SEATTLE – One team gave up eight runs in a loss. The other team scored eight runs in a win. And their two different outcomes have left them tied for the second wild-card spot in the American League.
Once 11 games back for that spot in mid-June, the Oakland A’s have been on a torrid run of wins and quality baseball since then, devouring the Mariners’ lead for that postseason spot. A decisive 8-3 win over the Blue Jays at the Coliseum improved the A’s record to 64-46.
Meanwhile, Seattle was slogging its way through a lackluster 8-3 drubbing by the Astros on a gorgeous afternoon at Safeco Field, resulting in a second consecutive series loss and falling to 63-45. It was the Mariners’ 13th loss in their past 20 games.
“We need to play better baseball,” manager Scott Servais said. “I’m not worried about really anyone else right now. We need to get back to playing like we are capable of playing. It hasn’t happened recently.”
An Astros lineup without Jose Altuve, Carlos Correa and George Springer – all dealing with injuries – roughed up Seattle starter Wade LeBlanc and reliever Nick Vincent for all of its runs. The Mariners lineup, which was without Kyle Seager (paternity leave) and Ryon Healy (lower back stiffness), failed to score more than three runs in a game for the 16th time since July 1.

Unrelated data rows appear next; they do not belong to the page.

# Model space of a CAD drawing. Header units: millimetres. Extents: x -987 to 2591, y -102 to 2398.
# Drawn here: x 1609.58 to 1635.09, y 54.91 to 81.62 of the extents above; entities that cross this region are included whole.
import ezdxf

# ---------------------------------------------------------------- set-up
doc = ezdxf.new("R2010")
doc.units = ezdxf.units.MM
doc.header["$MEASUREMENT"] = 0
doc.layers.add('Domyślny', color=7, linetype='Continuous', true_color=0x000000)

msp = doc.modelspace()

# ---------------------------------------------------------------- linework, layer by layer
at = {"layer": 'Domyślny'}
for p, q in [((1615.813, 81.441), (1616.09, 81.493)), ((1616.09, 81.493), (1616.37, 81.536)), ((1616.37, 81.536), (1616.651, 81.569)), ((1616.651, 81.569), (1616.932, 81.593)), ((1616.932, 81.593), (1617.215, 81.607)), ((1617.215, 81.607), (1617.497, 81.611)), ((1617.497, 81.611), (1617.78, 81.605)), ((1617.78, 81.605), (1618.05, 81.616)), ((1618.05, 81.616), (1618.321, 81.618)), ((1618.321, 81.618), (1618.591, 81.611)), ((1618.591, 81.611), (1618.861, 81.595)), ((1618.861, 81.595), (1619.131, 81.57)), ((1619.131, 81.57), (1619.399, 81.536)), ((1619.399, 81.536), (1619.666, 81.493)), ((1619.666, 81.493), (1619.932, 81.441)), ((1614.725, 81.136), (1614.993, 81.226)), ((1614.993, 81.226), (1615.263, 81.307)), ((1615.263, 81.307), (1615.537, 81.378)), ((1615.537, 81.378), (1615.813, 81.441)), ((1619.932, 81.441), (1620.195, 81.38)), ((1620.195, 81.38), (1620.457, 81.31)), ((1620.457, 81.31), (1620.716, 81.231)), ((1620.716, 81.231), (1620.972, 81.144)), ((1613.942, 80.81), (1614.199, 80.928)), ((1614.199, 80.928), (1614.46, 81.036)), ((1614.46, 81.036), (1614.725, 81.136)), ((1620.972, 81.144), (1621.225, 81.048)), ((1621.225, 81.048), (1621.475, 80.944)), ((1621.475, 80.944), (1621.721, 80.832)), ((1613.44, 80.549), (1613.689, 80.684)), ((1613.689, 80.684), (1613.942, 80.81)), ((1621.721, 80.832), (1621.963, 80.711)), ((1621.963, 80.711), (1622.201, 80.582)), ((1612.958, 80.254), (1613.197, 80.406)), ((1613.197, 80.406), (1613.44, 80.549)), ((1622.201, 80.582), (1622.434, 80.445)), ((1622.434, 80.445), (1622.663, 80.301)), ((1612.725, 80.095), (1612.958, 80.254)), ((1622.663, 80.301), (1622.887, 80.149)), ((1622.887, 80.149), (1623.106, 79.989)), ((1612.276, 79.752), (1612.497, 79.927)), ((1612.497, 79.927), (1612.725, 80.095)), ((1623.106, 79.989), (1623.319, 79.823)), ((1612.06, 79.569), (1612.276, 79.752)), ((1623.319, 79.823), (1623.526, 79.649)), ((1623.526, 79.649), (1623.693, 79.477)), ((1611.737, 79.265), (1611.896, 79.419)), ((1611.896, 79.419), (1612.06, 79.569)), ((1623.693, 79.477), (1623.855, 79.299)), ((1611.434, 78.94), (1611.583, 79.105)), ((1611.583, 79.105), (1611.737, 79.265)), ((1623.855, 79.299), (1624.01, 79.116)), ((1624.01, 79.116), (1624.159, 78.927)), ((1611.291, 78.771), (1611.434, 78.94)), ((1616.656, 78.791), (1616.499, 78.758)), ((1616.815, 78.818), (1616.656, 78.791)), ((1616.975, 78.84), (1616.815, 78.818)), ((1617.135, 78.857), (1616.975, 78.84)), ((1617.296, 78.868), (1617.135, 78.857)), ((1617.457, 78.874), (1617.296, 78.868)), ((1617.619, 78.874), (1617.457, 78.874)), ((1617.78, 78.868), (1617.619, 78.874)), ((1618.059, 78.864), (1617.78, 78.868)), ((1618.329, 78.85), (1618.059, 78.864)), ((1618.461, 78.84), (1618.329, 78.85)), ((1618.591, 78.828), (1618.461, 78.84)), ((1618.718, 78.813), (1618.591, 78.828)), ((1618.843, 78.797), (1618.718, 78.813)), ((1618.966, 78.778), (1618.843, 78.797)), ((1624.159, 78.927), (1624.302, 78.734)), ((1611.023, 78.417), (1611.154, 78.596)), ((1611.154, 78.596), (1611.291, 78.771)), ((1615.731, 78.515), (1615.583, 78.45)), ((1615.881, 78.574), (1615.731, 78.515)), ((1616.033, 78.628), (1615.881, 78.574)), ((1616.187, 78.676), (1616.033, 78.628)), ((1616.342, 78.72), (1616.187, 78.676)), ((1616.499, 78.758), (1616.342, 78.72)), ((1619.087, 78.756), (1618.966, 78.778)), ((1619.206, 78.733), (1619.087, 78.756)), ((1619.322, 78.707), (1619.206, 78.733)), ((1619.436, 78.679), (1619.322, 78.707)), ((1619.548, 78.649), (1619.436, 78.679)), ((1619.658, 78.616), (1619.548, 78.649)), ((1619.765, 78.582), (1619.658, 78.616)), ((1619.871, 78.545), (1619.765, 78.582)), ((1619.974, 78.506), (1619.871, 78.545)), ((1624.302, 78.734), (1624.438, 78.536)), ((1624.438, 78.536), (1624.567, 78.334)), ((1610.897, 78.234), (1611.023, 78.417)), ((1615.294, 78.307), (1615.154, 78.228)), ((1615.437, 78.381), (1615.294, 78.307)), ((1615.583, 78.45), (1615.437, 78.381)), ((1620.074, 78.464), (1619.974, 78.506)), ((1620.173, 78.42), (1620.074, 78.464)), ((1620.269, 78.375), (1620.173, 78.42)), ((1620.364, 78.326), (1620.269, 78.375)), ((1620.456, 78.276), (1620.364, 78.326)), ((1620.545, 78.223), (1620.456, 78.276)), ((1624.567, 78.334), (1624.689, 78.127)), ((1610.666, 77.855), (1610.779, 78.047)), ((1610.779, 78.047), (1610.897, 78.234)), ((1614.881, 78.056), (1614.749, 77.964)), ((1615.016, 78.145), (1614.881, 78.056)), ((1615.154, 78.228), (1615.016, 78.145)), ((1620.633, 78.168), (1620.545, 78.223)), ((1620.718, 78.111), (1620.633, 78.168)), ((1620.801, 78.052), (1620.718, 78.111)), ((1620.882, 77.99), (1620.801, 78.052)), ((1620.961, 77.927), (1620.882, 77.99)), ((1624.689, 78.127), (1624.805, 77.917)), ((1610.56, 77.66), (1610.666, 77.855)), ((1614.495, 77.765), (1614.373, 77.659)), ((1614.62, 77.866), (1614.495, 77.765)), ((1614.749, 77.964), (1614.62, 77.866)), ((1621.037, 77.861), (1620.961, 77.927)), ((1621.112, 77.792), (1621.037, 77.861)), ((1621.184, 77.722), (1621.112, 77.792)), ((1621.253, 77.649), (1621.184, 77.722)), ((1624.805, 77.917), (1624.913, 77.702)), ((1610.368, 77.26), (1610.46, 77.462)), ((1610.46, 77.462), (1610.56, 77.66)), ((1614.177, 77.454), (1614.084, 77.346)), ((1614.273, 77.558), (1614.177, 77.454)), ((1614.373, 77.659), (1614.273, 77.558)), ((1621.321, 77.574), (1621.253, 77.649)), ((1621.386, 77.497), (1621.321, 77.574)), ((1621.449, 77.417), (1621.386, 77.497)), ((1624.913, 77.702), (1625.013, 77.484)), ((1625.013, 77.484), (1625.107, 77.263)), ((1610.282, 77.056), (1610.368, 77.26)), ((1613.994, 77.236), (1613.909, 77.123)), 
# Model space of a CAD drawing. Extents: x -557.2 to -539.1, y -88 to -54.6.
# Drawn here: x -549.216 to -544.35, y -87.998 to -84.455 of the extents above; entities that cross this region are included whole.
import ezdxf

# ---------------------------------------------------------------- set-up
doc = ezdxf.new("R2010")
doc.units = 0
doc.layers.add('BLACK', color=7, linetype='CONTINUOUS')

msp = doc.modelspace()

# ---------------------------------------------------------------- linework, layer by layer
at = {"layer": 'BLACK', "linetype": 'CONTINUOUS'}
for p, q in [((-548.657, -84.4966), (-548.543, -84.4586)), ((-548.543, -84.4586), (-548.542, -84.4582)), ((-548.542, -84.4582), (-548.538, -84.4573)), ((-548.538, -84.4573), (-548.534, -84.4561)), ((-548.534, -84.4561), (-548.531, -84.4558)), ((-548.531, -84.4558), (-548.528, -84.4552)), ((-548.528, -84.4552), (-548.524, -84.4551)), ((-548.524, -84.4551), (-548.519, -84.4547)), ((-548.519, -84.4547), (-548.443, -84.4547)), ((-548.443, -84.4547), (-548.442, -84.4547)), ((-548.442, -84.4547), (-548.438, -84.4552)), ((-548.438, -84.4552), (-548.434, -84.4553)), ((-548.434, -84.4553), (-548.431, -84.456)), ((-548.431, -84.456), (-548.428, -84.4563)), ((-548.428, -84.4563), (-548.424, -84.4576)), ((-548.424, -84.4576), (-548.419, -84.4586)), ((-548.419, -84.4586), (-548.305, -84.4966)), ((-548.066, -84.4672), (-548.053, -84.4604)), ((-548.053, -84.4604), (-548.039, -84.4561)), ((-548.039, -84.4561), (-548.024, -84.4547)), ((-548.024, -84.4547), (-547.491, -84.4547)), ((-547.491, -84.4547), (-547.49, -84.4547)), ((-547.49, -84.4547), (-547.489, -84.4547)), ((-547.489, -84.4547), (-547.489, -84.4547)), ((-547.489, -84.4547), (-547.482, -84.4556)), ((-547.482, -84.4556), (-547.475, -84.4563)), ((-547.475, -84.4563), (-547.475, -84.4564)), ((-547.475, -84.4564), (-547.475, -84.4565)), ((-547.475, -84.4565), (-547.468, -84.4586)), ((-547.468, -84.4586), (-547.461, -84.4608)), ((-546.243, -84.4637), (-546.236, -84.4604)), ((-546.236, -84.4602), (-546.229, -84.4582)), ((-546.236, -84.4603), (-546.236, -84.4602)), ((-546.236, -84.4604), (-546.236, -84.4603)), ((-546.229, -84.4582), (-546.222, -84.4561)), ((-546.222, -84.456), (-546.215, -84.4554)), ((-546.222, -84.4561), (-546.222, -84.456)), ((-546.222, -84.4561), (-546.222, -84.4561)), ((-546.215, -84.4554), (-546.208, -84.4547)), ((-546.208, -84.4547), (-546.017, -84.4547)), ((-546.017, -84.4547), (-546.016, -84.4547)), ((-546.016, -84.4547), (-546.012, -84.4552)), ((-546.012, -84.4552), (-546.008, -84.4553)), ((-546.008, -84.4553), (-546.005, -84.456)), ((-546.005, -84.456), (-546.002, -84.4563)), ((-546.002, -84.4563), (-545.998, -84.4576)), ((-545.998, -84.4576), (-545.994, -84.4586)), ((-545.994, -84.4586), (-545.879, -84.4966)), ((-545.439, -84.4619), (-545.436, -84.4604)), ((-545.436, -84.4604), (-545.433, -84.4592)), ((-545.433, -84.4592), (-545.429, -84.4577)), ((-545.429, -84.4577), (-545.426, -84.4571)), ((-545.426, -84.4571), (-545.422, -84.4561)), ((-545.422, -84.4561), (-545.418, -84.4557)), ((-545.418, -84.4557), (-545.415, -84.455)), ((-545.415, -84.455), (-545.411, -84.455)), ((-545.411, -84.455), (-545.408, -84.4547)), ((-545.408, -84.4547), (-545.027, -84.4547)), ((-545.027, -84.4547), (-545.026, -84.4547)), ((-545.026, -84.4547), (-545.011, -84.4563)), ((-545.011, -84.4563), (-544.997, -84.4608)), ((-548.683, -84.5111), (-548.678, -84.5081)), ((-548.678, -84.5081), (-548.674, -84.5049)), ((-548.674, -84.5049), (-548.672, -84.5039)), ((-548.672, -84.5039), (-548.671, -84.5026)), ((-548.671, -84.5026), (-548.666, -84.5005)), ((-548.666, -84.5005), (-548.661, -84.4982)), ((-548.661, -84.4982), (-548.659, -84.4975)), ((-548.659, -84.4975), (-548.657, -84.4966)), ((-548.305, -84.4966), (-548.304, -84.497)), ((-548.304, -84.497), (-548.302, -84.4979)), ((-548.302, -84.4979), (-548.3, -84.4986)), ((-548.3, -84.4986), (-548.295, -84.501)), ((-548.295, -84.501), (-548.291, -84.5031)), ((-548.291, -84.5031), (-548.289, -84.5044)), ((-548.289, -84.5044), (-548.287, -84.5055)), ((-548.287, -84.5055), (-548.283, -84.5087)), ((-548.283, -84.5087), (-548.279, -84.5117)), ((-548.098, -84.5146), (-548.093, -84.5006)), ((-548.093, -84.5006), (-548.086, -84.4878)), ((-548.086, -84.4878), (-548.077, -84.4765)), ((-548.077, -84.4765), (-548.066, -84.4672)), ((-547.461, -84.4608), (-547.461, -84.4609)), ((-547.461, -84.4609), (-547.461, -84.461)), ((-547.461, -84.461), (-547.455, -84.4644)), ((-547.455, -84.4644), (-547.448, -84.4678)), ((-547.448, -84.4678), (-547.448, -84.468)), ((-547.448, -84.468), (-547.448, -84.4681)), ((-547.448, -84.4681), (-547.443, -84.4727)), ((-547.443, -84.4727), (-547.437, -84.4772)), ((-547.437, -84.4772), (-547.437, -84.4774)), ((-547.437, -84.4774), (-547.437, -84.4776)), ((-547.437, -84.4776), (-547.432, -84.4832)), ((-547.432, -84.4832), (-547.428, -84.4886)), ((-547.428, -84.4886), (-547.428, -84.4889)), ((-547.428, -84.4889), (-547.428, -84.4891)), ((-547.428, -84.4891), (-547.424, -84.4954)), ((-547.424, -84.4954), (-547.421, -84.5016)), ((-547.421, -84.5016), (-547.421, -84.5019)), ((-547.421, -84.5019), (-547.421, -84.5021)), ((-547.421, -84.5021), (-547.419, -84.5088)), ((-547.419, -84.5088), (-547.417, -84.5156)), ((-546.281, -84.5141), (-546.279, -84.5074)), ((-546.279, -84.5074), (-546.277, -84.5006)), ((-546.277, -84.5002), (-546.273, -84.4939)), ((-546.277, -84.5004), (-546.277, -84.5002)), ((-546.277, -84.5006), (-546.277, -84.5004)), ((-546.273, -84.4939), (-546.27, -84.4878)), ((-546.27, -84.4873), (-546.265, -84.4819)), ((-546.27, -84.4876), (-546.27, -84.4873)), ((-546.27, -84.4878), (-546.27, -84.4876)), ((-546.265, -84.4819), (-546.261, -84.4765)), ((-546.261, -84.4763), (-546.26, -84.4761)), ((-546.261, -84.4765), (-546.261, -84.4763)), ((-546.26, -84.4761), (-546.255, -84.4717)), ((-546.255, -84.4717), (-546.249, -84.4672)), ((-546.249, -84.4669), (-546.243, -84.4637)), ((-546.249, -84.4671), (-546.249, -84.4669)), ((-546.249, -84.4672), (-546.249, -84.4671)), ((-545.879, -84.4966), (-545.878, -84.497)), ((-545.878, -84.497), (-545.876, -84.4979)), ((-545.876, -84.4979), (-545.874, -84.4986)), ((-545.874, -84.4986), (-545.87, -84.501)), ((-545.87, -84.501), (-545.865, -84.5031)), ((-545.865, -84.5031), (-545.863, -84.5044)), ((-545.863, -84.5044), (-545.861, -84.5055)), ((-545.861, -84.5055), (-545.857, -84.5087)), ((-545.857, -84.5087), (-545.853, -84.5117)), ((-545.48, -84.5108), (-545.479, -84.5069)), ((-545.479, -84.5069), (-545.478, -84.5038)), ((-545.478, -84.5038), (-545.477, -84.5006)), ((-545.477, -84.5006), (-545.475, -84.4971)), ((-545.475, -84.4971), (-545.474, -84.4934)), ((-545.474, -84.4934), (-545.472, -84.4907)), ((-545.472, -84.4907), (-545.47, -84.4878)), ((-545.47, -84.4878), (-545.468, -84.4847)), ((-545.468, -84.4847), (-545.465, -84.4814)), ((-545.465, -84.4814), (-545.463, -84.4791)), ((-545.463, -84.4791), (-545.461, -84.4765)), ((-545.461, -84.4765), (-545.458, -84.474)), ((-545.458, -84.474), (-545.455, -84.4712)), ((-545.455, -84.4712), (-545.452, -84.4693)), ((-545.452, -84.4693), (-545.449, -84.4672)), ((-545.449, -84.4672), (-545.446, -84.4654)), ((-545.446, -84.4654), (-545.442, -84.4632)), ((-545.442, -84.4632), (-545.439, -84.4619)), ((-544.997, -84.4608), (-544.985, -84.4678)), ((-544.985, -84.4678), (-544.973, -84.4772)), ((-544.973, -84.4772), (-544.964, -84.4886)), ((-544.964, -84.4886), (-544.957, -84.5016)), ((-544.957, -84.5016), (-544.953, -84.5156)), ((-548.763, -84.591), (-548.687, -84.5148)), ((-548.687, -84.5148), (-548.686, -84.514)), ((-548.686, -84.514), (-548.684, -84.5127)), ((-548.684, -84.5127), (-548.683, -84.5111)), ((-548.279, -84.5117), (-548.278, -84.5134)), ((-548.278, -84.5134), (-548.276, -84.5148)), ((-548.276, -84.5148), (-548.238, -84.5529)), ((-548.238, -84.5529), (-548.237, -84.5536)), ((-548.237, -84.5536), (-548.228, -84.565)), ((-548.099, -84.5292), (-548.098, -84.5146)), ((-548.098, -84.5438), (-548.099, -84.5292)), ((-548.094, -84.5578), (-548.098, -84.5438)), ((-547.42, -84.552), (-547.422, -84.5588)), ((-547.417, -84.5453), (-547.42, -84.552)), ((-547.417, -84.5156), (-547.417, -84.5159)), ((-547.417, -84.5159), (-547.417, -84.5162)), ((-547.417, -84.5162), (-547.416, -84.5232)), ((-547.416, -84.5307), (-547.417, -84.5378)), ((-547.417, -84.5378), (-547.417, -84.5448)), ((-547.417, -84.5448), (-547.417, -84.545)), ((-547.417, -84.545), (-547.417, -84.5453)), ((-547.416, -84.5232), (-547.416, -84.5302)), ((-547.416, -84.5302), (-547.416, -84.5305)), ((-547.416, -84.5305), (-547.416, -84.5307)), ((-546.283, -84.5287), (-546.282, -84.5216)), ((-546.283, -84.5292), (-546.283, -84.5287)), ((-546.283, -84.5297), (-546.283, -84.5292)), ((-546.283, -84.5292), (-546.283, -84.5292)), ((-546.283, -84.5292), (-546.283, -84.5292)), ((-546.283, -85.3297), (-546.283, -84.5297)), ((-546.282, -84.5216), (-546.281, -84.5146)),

“No excuses,” Servais said. “They didn’t have their full squad out there either. But they found a way to get it done. We’ve got to wash this one away and get back to winning series.”
Since June 14, the A’s have rolled to a 29-10 record to push themselves even with Seattle. During that same span, the M’s have gone 19-20, and 10-14 since July 1. An offense that’s averaging just more than three runs per game is showing only minimal signs of finding some life.
“We’ve got to do more offensively,” Servais said. “We’ve certainly got the talent in here to do it. We’ve done it for stretches before. But it has to start here with the next series.”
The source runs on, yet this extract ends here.